Feature | Description | Benefit |
Knowledge Gap Detection | Dynamic questionnaires identify missing prerequisite knowledge. | Personalized pacing and depth. |
Learning Style Adaptation | Customizes lecture modality (visual, verbal, auditory, example-rich). | Enhances comprehension and retention. |
Seamless Content Integration | Combines slides, recorded classes, and YouTube snippets. | Smooth, engaging lecture experience. |
Accessibility Focus | Generates audio and descriptive text for visually impaired learners. | Inclusive learning for all students. |
Instant Q&A with GatorMate | Real-time doubt resolution during lectures. | Removes learning bottlenecks and supports curiosity. |
The result is a fully adaptive, multimodal, and inclusive learning system that transforms static lecture materials into dynamic, personalized educational experiences. It bridges the gap between teaching and individual learning, ensuring that every student can learn in the way that works best for them.
One of our biggest challenges was the lack of API access for the AI agent. But instead of seeing it as a setback, we used it as an opportunity to innovate. We optimized every aspect of our model before testing, which led us to build something powerful — a system that delivers rich, personalized learning experiences at a fraction of the usual cost.

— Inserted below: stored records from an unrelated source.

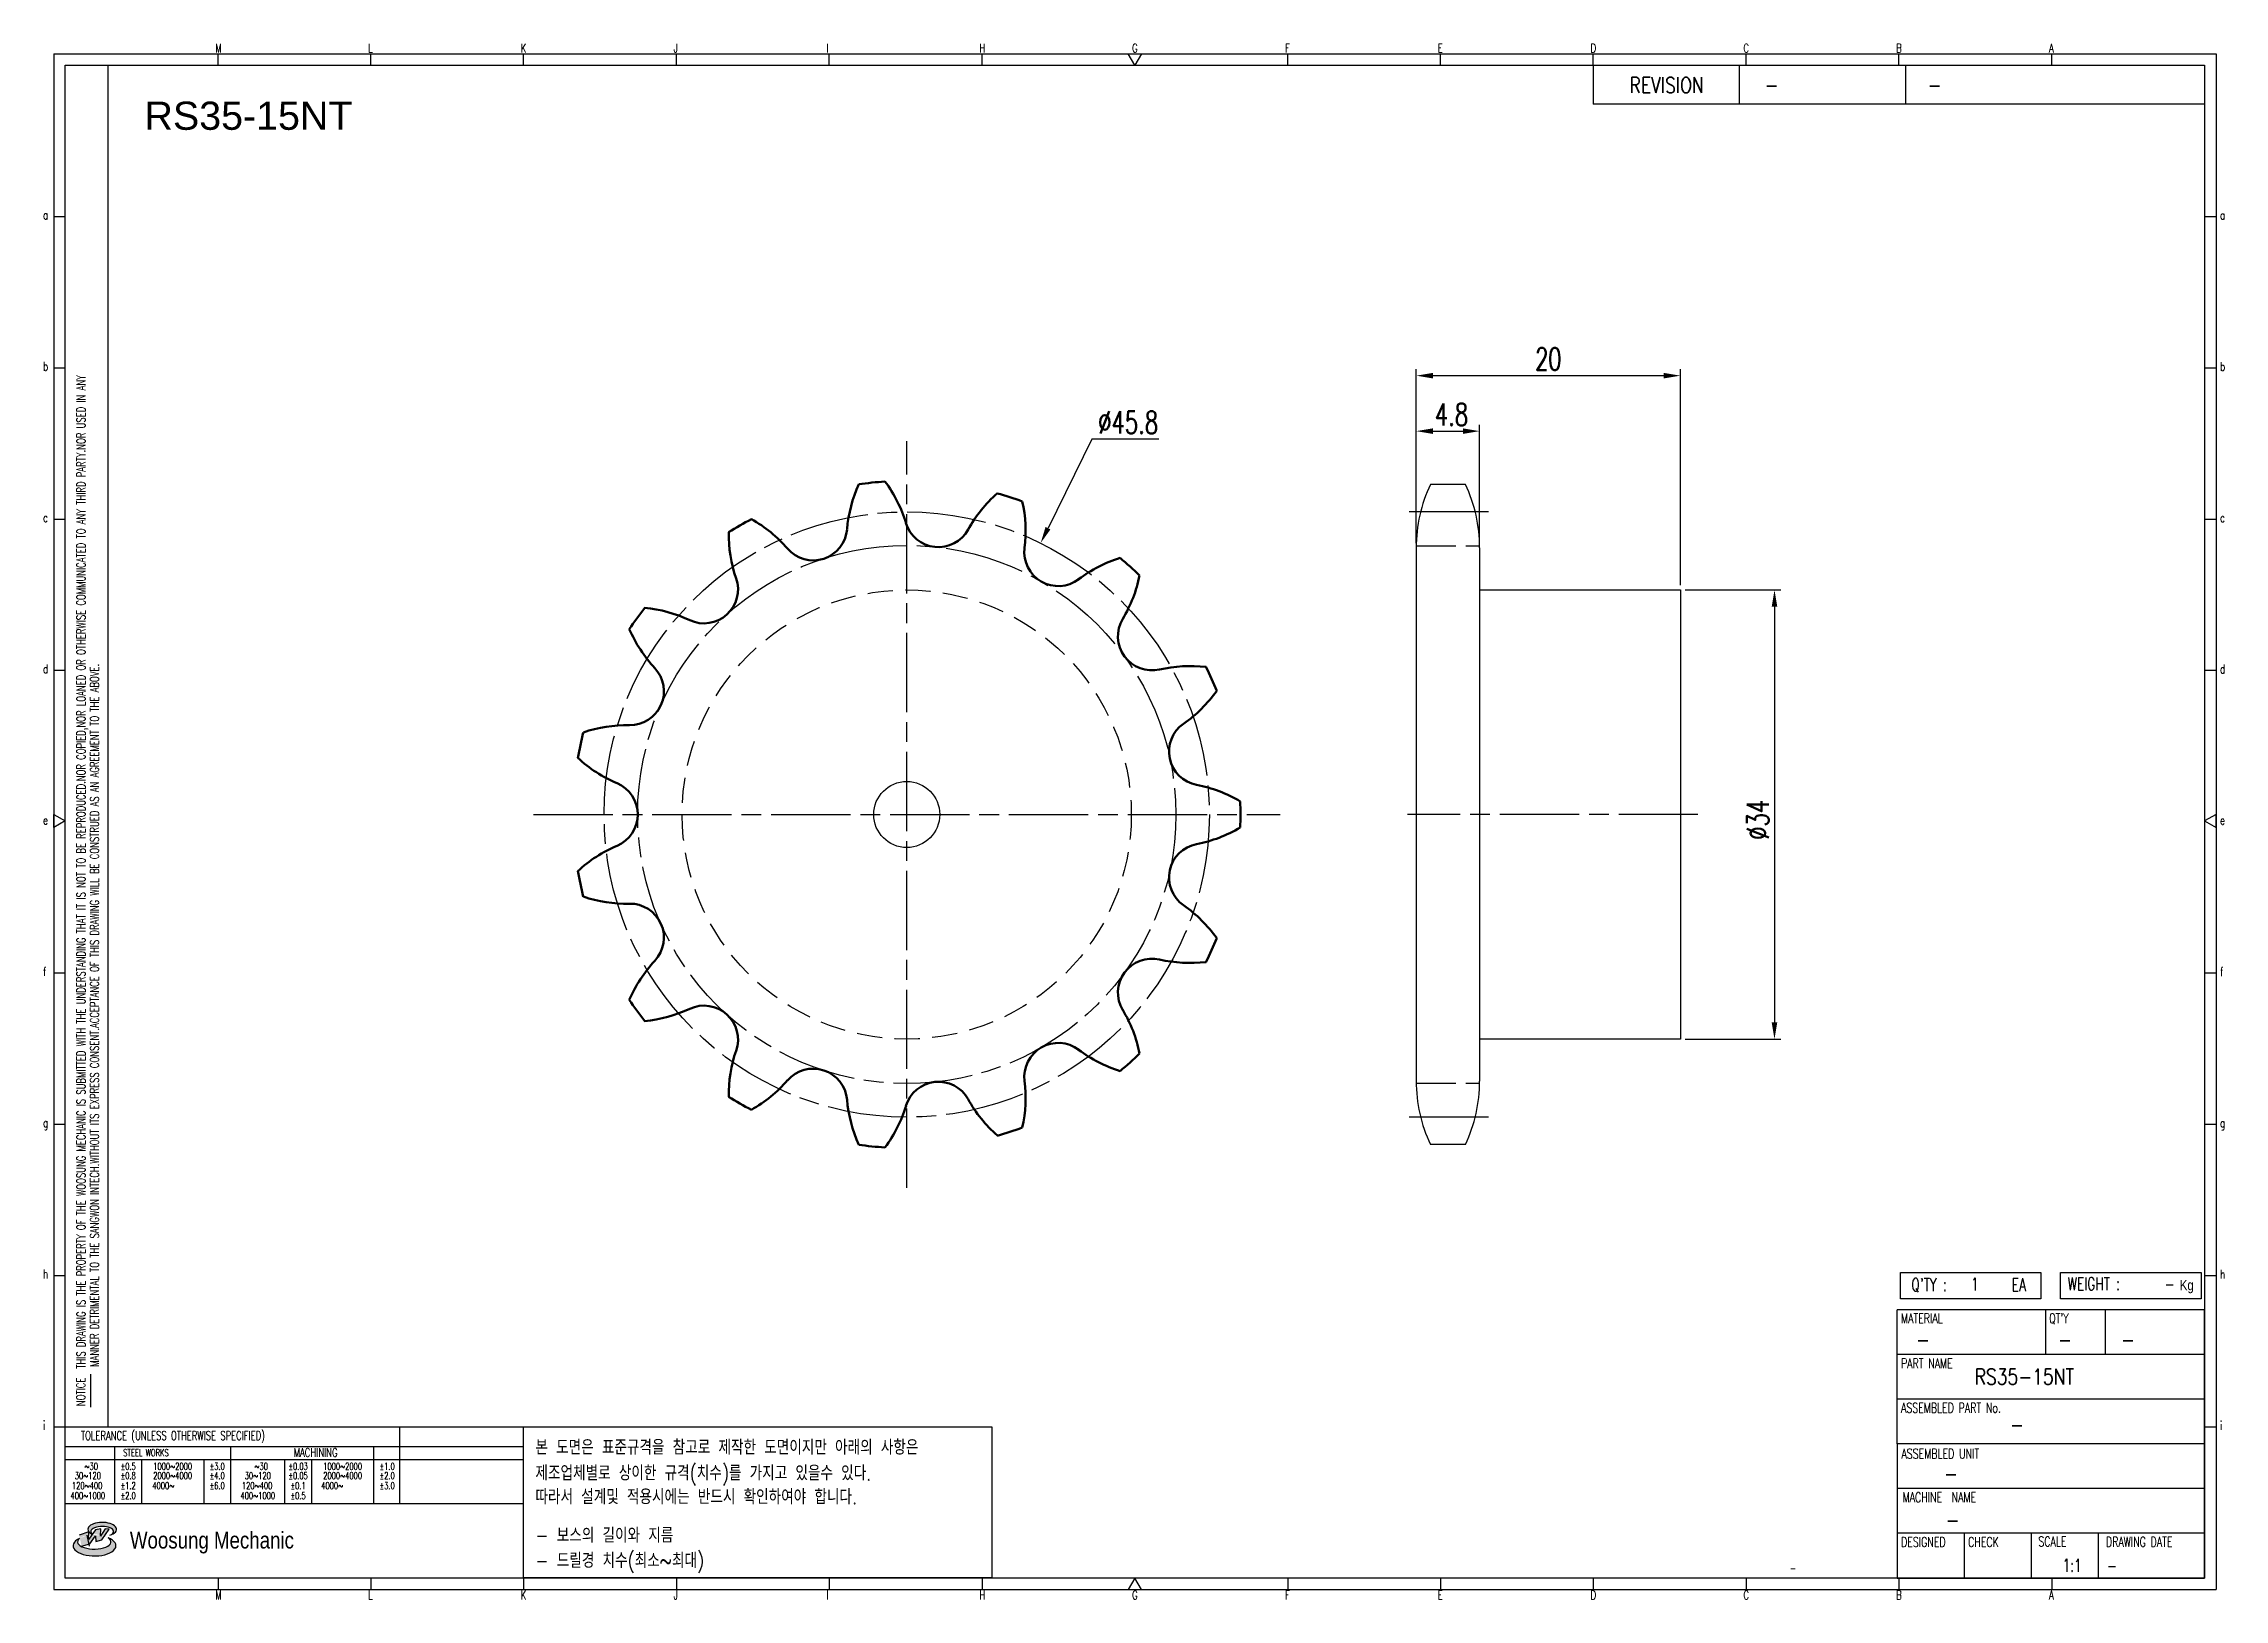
# Model space of a CAD drawing. Header units: millimetres. Extents: x -44811 to -44646, y 1097 to 1215.
import ezdxf
from ezdxf.enums import TextEntityAlignment as Align

# ---------------------------------------------------------------- set-up
doc = ezdxf.new("R2010")
doc.units = ezdxf.units.MM
for name, pattern in [('AM_ISO02W050', [7.5, 6, -1.5]), ('AM_ISO02W050x2', [3.75, 3, -0.75]), ('AM_ISO08W050', [18, 12, -1.5, 3, -1.5]), ('AM_ISO08W050x2', [9, 6, -0.75, 1.5, -0.75]), ('HIDDEN', [9.525, 6.35, -3.175])]:
    doc.linetypes.add(name, pattern=pattern)
for name, color, linetype, lineweight in [('AM_0N', 7, 'Continuous', 50), ('AM_3N', 6, 'AM_ISO02W050', 25), ('AM_7', 4, 'AM_ISO08W050', 25), ('AM_7N', 4, 'AM_ISO08W050', 25)]:
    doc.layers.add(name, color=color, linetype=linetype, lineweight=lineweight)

Throughout the development of our personalized lecture generation system, we achieved several key milestones:
· System Architecture Design: Successfully designed the overall dual-end architecture consisting of a Teacher End and a Student End framework. While the Teacher End website has not yet been developed, the system architecture and integration flow have been fully defined and validated.
· AI-Agent Integration: Designed and implemented an intelligent AI-Agent capable of processing teacher-provided materials and generating personalized lecture audio and video tailored to each learner.
· Knowledge Gap Analysis: Built a dynamic questionnaire system that evaluates each student’s prior knowledge and learning style, enabling precise and adaptive content personalization.
· Interactive Learning Support: Integrated the GatorMate assistant for real-time question answering and continuous learner engagement during the lecture.
· Resource Optimization: Despite limited access to external APIs, optimized model efficiency to create a low-cost yet high-performing system, making personalized education more affordable and scalable.
· Seamless Multimedia Fusion: Developed a system that synchronizes AI-generated lectures with selectively curated YouTube video snippets to ensure a smooth, uninterrupted learning experience.
During the development process, we gained valuable insights in both technical and conceptual domains:
· Adaptability Through Constraints: Working without AI-agent API access taught us the importance of optimization and resource efficiency in AI system design.
· Importance of Personalization: We learned that learning styles vary significantly across students, and even small adjustments—like adding examples, analogies, or visual cues—can dramatically enhance understanding.
· System Integration Complexity: Merging multiple inputs (audio, slides, and curriculum) into a single adaptive output required a deep understanding of multimodal data alignment and content consistency.
· User-Centric Design Thinking: Building with accessibility and personalization in mind strengthened our appreciation for inclusive design principles—ensuring that technology supports all learners, regardless of ability or background.
· Collaborative Problem-Solving: Overcoming technical and resource challenges reinforced the value of teamwork, iterative design, and creative problem-solving under constraints.
A lot of rooms for improvement is left. One potential that our system already posses is that it can generate lectures just out of slide also, even if no previous lectures of any teacher is present in the system. We are looking forward to work with that system and bring a second model which will provide the same quality of lectures, without any slide, compared to our present system.